What you will do = Search the records for the word "trees" and report each line that has it.

Records provided =
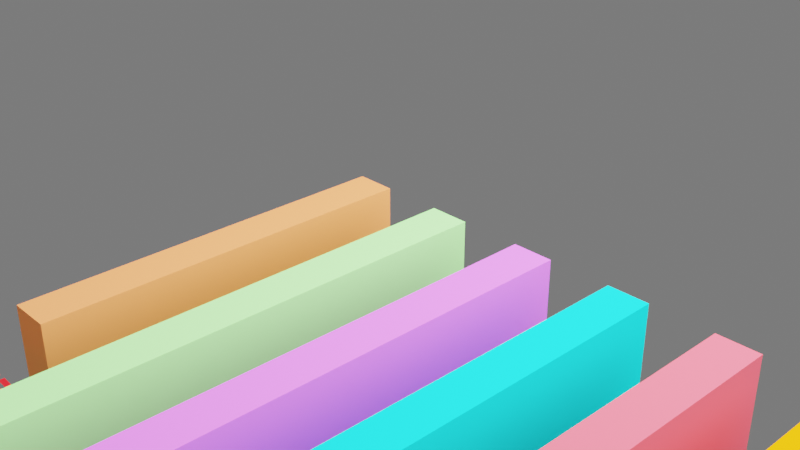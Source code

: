 # Source: inverted_mech_Res.blend  (saved by Blender 3.6.13; exported with 4.5.12 LTS)
import bpy
from mathutils import Matrix  # noqa: F401  (used for matrix-valued properties, if any)

bpy.ops.wm.read_factory_settings(use_empty=True)
scene = bpy.context.scene
scene.name = 'Scene'

# ---- collections
col_collection = bpy.data.collections.new('Collection'); scene.collection.children.link(col_collection)

# ---- materials (node trees are filled in below, after node groups)
mat_barmaterial0 = bpy.data.materials.new('BarMaterial0')
mat_barmaterial0.use_transparent_shadow = False
mat_barmaterial0.diffuse_color = (1.0, 0.2918, 0.1046, 1.0)
mat_material_005 = bpy.data.materials.new('Material.005')
mat_material_005.use_transparent_shadow = False
mat_barmaterial1 = bpy.data.materials.new('BarMaterial1')
mat_barmaterial1.use_transparent_shadow = False
mat_barmaterial1.diffuse_color = (0.3813, 1.0, 0.3005, 1.0)
mat_barmaterial2 = bpy.data.materials.new('BarMaterial2')
mat_barmaterial2.use_transparent_shadow = False
mat_barmaterial2.diffuse_color = (0.855, 0.1651, 1.0, 1.0)
mat_barmaterial3 = bpy.data.materials.new('BarMaterial3')
mat_barmaterial3.use_transparent_shadow = False
mat_barmaterial3.diffuse_color = (0.01096, 0.9647, 1.0, 1.0)
mat_barmaterial4 = bpy.data.materials.new('BarMaterial4')
mat_barmaterial4.use_transparent_shadow = False
mat_barmaterial4.diffuse_color = (0.9647, 0.1248, 0.1812, 1.0)
mat_barmaterial5 = bpy.data.materials.new('BarMaterial5')
mat_barmaterial5.use_transparent_shadow = False
mat_barmaterial5.diffuse_color = (1.0, 0.2961, 0.003347, 1.0)
mat_material_001 = bpy.data.materials.new('Material.001')
mat_material_001.use_transparent_shadow = False
mat_material_007 = bpy.data.materials.new('Material.007')
mat_material_007.use_transparent_shadow = False
mat_material_008 = bpy.data.materials.new('Material.008')
mat_material_008.use_transparent_shadow = False
mat_material_009 = bpy.data.materials.new('Material.009')
mat_material_009.use_transparent_shadow = False
mat_material_013 = bpy.data.materials.new('Material.013')
mat_material_013.use_transparent_shadow = False
mat_material_014 = bpy.data.materials.new('Material.014')
mat_material_014.use_transparent_shadow = False
mat_material_015 = bpy.data.materials.new('Material.015')
mat_material_015.use_transparent_shadow = False
mat_material_018 = bpy.data.materials.new('Material.018')
mat_material_018.use_transparent_shadow = False
mat_material_016 = bpy.data.materials.new('Material.016')
mat_material_016.use_transparent_shadow = False
mat_material_017 = bpy.data.materials.new('Material.017')
mat_material_017.use_transparent_shadow = False
mat_material_020 = bpy.data.materials.new('Material.020')
mat_material_020.use_transparent_shadow = False
mat_material_021 = bpy.data.materials.new('Material.021')
mat_material_021.use_transparent_shadow = False
mat_material_023 = bpy.data.materials.new('Material.023')
mat_material_023.use_transparent_shadow = False
mat_material_006 = bpy.data.materials.new('Material.006')
mat_material_006.use_transparent_shadow = False
mat_material_010 = bpy.data.materials.new('Material.010')
mat_material_010.use_transparent_shadow = False
mat_material_011 = bpy.data.materials.new('Material.011')
mat_material_011.use_transparent_shadow = False
mat_material_012 = bpy.data.materials.new('Material.012')
mat_material_012.use_transparent_shadow = False
mat_material_019 = bpy.data.materials.new('Material.019')
mat_material_019.use_transparent_shadow = False

# ---- material node trees
mat_material_005.use_nodes = True; mat_material_005.node_tree.nodes.clear()
_N = mat_material_005.node_tree.nodes; _L = mat_material_005.node_tree.links
n0 = _N.new('ShaderNodeBsdfPrincipled'); n0.name = 'Principled BSDF'; n0.location = (10, 300)
n0.distribution = 'GGX'
n0.subsurface_method = 'RANDOM_WALK_SKIN'
n0.inputs[0].default_value = (1.0, 0.0, 0.007499, 1.0)
n0.inputs[3].default_value = 1.45
n0.inputs[27].default_value = (0.0, 0.0, 0.0, 1.0)
n0.inputs[28].default_value = 1.0
n1 = _N.new('ShaderNodeOutputMaterial'); n1.name = 'Material Output'; n1.location = (300, 300)
_L.new(n0.outputs[0], n1.inputs[0])
n1.is_active_output = True
mat_material_001.use_nodes = True; mat_material_001.node_tree.nodes.clear()
_N = mat_material_001.node_tree.nodes; _L = mat_material_001.node_tree.links
n0 = _N.new('ShaderNodeBsdfPrincipled'); n0.name = 'Principled BSDF'; n0.location = (10, 300)
n0.distribution = 'GGX'
n0.subsurface_method = 'RANDOM_WALK_SKIN'
n0.inputs[0].default_value = (1.0, 0.0, 0.007499, 1.0)
n0.inputs[3].default_value = 1.45
n0.inputs[27].default_value = (0.0, 0.0, 0.0, 1.0)
n0.inputs[28].default_value = 1.0
n1 = _N.new('ShaderNodeOutputMaterial'); n1.name = 'Material Output'; n1.location = (300, 300)
_L.new(n0.outputs[0], n1.inputs[0])
n1.is_active_output = True
mat_material_007.use_nodes = True; mat_material_007.node_tree.nodes.clear()
_N = mat_material_007.node_tree.nodes; _L = mat_material_007.node_tree.links
n0 = _N.new('ShaderNodeBsdfPrincipled'); n0.name = 'Principled BSDF'; n0.location = (10, 300)
n0.distribution = 'GGX'
n0.subsurface_method = 'RANDOM_WALK_SKIN'
n0.inputs[0].default_value = (1.0, 0.0, 0.004777, 1.0)
n0.inputs[3].default_value = 1.45
n0.inputs[27].default_value = (0.0, 0.0, 0.0, 1.0)
n0.inputs[28].default_value = 1.0
n1 = _N.new('ShaderNodeOutputMaterial'); n1.name = 'Material Output'; n1.location = (300, 300)
_L.new(n0.outputs[0], n1.inputs[0])
n1.is_active_output = True
mat_material_008.use_nodes = True; mat_material_008.node_tree.nodes.clear()
_N = mat_material_008.node_tree.nodes; _L = mat_material_008.node_tree.links
n0 = _N.new('ShaderNodeBsdfPrincipled'); n0.name = 'Principled BSDF'; n0.location = (10, 300)
n0.distribution = 'GGX'
n0.subsurface_method = 'RANDOM_WALK_SKIN'
n0.inputs[0].default_value = (1.0, 0.0, 0.004777, 1.0)
n0.inputs[3].default_value = 1.45
n0.inputs[27].default_value = (0.0, 0.0, 0.0, 1.0)
n0.inputs[28].default_value = 1.0
n1 = _N.new('ShaderNodeOutputMaterial'); n1.name = 'Material Output'; n1.location = (300, 300)
_L.new(n0.outputs[0], n1.inputs[0])
n1.is_active_output = True
mat_material_009.use_nodes = True; mat_material_009.node_tree.nodes.clear()
_N = mat_material_009.node_tree.nodes; _L = mat_material_009.node_tree.links
n0 = _N.new('ShaderNodeBsdfPrincipled'); n0.name = 'Principled BSDF'; n0.location = (10, 300)
n0.distribution = 'GGX'
n0.subsurface_method = 'RANDOM_WALK_SKIN'
n0.inputs[0].default_value = (1.0, 0.0, 0.004777, 1.0)
n0.inputs[3].default_value = 1.45
n0.inputs[27].default_value = (0.0, 0.0, 0.0, 1.0)
n0.inputs[28].default_value = 1.0
n1 = _N.new('ShaderNodeOutputMaterial'); n1.name = 'Material Output'; n1.location = (300, 300)
_L.new(n0.outputs[0], n1.inputs[0])
n1.is_active_output = True
mat_material_013.use_nodes = True; mat_material_013.node_tree.nodes.clear()
_N = mat_material_013.node_tree.nodes; _L = mat_material_013.node_tree.links
n0 = _N.new('ShaderNodeBsdfPrincipled'); n0.name = 'Principled BSDF'; n0.location = (10, 300)
n0.distribution = 'GGX'
n0.subsurface_method = 'RANDOM_WALK_SKIN'
n0.inputs[0].default_value = (1.0, 0.0, 0.004777, 1.0)
n0.inputs[3].default_value = 1.45
n0.inputs[27].default_value = (0.0, 0.0, 0.0, 1.0)
n0.inputs[28].default_value = 1.0
n1 = _N.new('ShaderNodeOutputMaterial'); n1.name = 'Material Output'; n1.location = (300, 300)
_L.new(n0.outputs[0], n1.inputs[0])
n1.is_active_output = True
mat_material_014.use_nodes = True; mat_material_014.node_tree.nodes.clear()
_N = mat_material_014.node_tree.nodes; _L = mat_material_014.node_tree.links
n0 = _N.new('ShaderNodeBsdfPrincipled'); n0.name = 'Principled BSDF'; n0.location = (10, 300)
n0.distribution = 'GGX'
n0.subsurface_method = 'RANDOM_WALK_SKIN'
n0.inputs[0].default_value = (1.0, 0.0, 0.004777, 1.0)
n0.inputs[3].default_value = 1.45
n0.inputs[27].default_value = (0.0, 0.0, 0.0, 1.0)
n0.inputs[28].default_value = 1.0
n1 = _N.new('ShaderNodeOutputMaterial'); n1.name = 'Material Output'; n1.location = (300, 300)
_L.new(n0.outputs[0], n1.inputs[0])
n1.is_active_output = True
mat_material_015.use_nodes = True; mat_material_015.node_tree.nodes.clear()
_N = mat_material_015.node_tree.nodes; _L = mat_material_015.node_tree.links
n0 = _N.new('ShaderNodeBsdfPrincipled'); n0.name = 'Principled BSDF'; n0.location = (10, 300)
n0.distribution = 'GGX'
n0.subsurface_method = 'RANDOM_WALK_SKIN'
n0.inputs[0].default_value = (1.0, 0.0, 0.004777, 1.0)
n0.inputs[3].default_value = 1.45
n0.inputs[27].default_value = (0.0, 0.0, 0.0, 1.0)
n0.inputs[28].default_value = 1.0
n1 = _N.new('ShaderNodeOutputMaterial'); n1.name = 'Material Output'; n1.location = (300, 300)
_L.new(n0.outputs[0], n1.inputs[0])
n1.is_active_output = True
mat_material_018.use_nodes = True; mat_material_018.node_tree.nodes.clear()
_N = mat_material_018.node_tree.nodes; _L = mat_material_018.node_tree.links
n0 = _N.new('ShaderNodeBsdfPrincipled'); n0.name = 'Principled BSDF'; n0.location = (10, 300)
n0.distribution = 'GGX'
n0.subsurface_method = 'RANDOM_WALK_SKIN'
n0.inputs[0].default_value = (1.0, 0.2961, 0.003347, 1.0)
n0.inputs[3].default_value = 1.45
n0.inputs[27].default_value = (0.0, 0.0, 0.0, 1.0)
n0.inputs[28].default_value = 1.0
n1 = _N.new('ShaderNodeOutputMaterial'); n1.name = 'Material Output'; n1.location = (300, 300)
_L.new(n0.outputs[0], n1.inputs[0])
n1.is_active_output = True
mat_material_016.use_nodes = True; mat_material_016.node_tree.nodes.clear()
_N = mat_material_016.node_tree.nodes; _L = mat_material_016.node_tree.links
n0 = _N.new('ShaderNodeBsdfPrincipled'); n0.name = 'Principled BSDF'; n0.location = (10, 300)
n0.distribution = 'GGX'
n0.subsurface_method = 'RANDOM_WALK_SKIN'
n0.inputs[0].default_value = (0.9647, 0.1248, 0.1812, 1.0)
n0.inputs[3].default_value = 1.45
n0.inputs[27].default_value = (0.0, 0.0, 0.0, 1.0)
n0.inputs[28].default_value = 1.0
n1 = _N.new('ShaderNodeOutputMaterial'); n1.name = 'Material Output'; n1.location = (300, 300)
_L.new(n0.outputs[0], n1.inputs[0])
n1.is_active_output = True
mat_material_017.use_nodes = True; mat_material_017.node_tree.nodes.clear()
_N = mat_material_017.node_tree.nodes; _L = mat_material_017.node_tree.links
n0 = _N.new('ShaderNodeBsdfPrincipled'); n0.name = 'Principled BSDF'; n0.location = (10, 300)
n0.distribution = 'GGX'
n0.subsurface_method = 'RANDOM_WALK_SKIN'
n0.inputs[0].default_value = (0.855, 0.1651, 1.0, 1.0)
n0.inputs[3].default_value = 1.45
n0.inputs[27].default_value = (0.0, 0.0, 0.0, 1.0)
n0.inputs[28].default_value = 1.0
n1 = _N.new('ShaderNodeOutputMaterial'); n1.name = 'Material Output'; n1.location = (300, 300)
_L.new(n0.outputs[0], n1.inputs[0])
n1.is_active_output = True
mat_material_020.use_nodes = True; mat_material_020.node_tree.nodes.clear()
_N = mat_material_020.node_tree.nodes; _L = mat_material_020.node_tree.links
n0 = _N.new('ShaderNodeBsdfPrincipled'); n0.name = 'Principled BSDF'; n0.location = (10, 300)
n0.distribution = 'GGX'
n0.subsurface_method = 'RANDOM_WALK_SKIN'
n0.inputs[0].default_value = (0.01096, 0.9647, 1.0, 1.0)
n0.inputs[3].default_value = 1.45
n0.inputs[27].default_value = (0.0, 0.0, 0.0, 1.0)
n0.inputs[28].default_value = 1.0
n1 = _N.new('ShaderNodeOutputMaterial'); n1.name = 'Material Output'; n1.location = (300, 300)
_L.new(n0.outputs[0], n1.inputs[0])
n1.is_active_output = True
mat_material_021.use_nodes = True; mat_material_021.node_tree.nodes.clear()
_N = mat_material_021.node_tree.nodes; _L = mat_material_021.node_tree.links
n0 = _N.new('ShaderNodeBsdfPrincipled'); n0.name = 'Principled BSDF'; n0.location = (10, 300)
n0.distribution = 'GGX'
n0.subsurface_method = 'RANDOM_WALK_SKIN'
n0.inputs[0].default_value = (0.3813, 1.0, 0.3005, 1.0)
n0.inputs[3].default_value = 1.45
n0.inputs[27].default_value = (0.0, 0.0, 0.0, 1.0)
n0.inputs[28].default_value = 1.0
n1 = _N.new('ShaderNodeOutputMaterial'); n1.name = 'Material Output'; n1.location = (300, 300)
_L.new(n0.outputs[0], n1.inputs[0])
n1.is_active_output = True
mat_material_023.use_nodes = True; mat_material_023.node_tree.nodes.clear()
_N = mat_material_023.node_tree.nodes; _L = mat_material_023.node_tree.links
n0 = _N.new('ShaderNodeBsdfPrincipled'); n0.name = 'Principled BSDF'; n0.location = (10, 300)
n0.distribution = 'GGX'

Written response =
# ---- materials (node trees are filled in below, after node groups)
# ---- material node trees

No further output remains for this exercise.